### Work instructions
Whenever a line below includes the string "SIXSF", show it.

(Saved data entries)
■ ■ ■ ■ ■ ■ ■

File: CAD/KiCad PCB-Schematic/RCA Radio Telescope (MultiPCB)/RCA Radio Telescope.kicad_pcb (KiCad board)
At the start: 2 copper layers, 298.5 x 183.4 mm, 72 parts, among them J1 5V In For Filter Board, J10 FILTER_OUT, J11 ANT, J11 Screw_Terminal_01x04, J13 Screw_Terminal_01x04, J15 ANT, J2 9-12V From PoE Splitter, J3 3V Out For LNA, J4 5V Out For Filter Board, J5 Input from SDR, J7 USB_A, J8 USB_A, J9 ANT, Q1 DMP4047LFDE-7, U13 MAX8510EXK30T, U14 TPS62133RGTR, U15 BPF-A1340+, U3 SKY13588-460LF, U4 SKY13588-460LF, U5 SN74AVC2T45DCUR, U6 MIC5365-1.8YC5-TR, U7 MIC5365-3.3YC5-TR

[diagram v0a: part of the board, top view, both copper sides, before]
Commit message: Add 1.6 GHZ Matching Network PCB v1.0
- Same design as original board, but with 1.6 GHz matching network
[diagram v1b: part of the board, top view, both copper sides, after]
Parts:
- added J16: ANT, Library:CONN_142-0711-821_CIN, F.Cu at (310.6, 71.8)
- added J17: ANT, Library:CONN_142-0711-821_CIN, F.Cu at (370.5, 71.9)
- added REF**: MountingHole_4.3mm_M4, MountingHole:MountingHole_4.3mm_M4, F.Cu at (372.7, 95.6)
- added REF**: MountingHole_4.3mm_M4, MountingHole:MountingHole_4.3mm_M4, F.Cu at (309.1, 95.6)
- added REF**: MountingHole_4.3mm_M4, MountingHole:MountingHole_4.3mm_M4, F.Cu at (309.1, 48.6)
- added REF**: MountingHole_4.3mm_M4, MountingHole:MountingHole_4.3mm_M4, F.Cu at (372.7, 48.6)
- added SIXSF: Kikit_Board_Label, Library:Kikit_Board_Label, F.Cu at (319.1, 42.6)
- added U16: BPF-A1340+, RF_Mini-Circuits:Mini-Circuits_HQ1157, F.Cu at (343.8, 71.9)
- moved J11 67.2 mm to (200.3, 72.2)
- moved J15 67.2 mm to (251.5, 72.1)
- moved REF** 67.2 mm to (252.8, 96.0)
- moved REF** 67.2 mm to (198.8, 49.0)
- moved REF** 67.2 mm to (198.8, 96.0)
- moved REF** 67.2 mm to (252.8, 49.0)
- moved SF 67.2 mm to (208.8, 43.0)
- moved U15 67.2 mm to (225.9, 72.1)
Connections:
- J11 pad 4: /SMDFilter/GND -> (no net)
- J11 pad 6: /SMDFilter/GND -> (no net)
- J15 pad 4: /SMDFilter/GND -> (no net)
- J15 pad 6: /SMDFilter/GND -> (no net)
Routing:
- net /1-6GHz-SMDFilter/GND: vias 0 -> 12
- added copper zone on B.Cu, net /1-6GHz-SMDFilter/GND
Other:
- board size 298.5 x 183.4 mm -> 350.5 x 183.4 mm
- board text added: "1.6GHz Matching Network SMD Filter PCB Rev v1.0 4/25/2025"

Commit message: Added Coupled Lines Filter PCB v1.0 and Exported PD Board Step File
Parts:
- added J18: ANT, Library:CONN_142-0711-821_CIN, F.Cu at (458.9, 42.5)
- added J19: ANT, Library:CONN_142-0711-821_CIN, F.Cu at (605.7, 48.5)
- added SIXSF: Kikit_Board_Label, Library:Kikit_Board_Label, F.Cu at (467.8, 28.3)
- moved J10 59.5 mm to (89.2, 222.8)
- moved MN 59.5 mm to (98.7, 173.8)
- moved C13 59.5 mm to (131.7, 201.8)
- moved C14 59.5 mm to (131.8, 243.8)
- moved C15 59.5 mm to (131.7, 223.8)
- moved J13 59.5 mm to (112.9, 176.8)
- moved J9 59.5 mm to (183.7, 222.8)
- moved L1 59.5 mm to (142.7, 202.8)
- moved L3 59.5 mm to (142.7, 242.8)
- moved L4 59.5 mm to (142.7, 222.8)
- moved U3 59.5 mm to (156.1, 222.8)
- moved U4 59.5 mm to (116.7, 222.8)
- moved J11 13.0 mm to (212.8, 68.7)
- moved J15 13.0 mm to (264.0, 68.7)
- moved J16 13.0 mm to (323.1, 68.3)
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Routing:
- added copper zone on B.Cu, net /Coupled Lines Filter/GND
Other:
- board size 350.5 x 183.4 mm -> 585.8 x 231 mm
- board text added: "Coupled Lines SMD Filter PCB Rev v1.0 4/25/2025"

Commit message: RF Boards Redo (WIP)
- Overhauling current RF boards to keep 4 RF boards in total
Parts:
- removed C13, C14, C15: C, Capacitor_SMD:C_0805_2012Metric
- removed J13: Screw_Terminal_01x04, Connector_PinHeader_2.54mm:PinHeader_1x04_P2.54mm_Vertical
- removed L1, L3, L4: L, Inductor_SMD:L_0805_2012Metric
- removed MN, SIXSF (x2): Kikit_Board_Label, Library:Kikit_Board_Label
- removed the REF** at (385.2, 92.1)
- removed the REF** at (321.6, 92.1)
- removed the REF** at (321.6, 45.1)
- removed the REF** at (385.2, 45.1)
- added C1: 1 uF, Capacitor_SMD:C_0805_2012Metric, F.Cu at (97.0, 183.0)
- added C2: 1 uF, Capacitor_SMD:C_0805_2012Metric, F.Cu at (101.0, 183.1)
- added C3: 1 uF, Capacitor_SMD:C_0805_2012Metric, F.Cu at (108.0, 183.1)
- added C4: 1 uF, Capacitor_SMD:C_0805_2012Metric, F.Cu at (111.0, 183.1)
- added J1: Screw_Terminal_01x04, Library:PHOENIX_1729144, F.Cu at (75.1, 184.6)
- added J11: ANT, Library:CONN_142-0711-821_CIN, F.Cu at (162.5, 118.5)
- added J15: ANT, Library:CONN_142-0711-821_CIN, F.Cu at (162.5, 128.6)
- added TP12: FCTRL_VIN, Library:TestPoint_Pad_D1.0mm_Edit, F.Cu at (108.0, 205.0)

■ ■ ■ ■ ■ ■ ■

### Answer section
- added SIXSF: Kikit_Board_Label, Library:Kikit_Board_Label, F.Cu at (319.1, 42.6)
- added SIXSF: Kikit_Board_Label, Library:Kikit_Board_Label, F.Cu at (467.8, 28.3)
- removed MN, SIXSF (x2): Kikit_Board_Label, Library:Kikit_Board_Label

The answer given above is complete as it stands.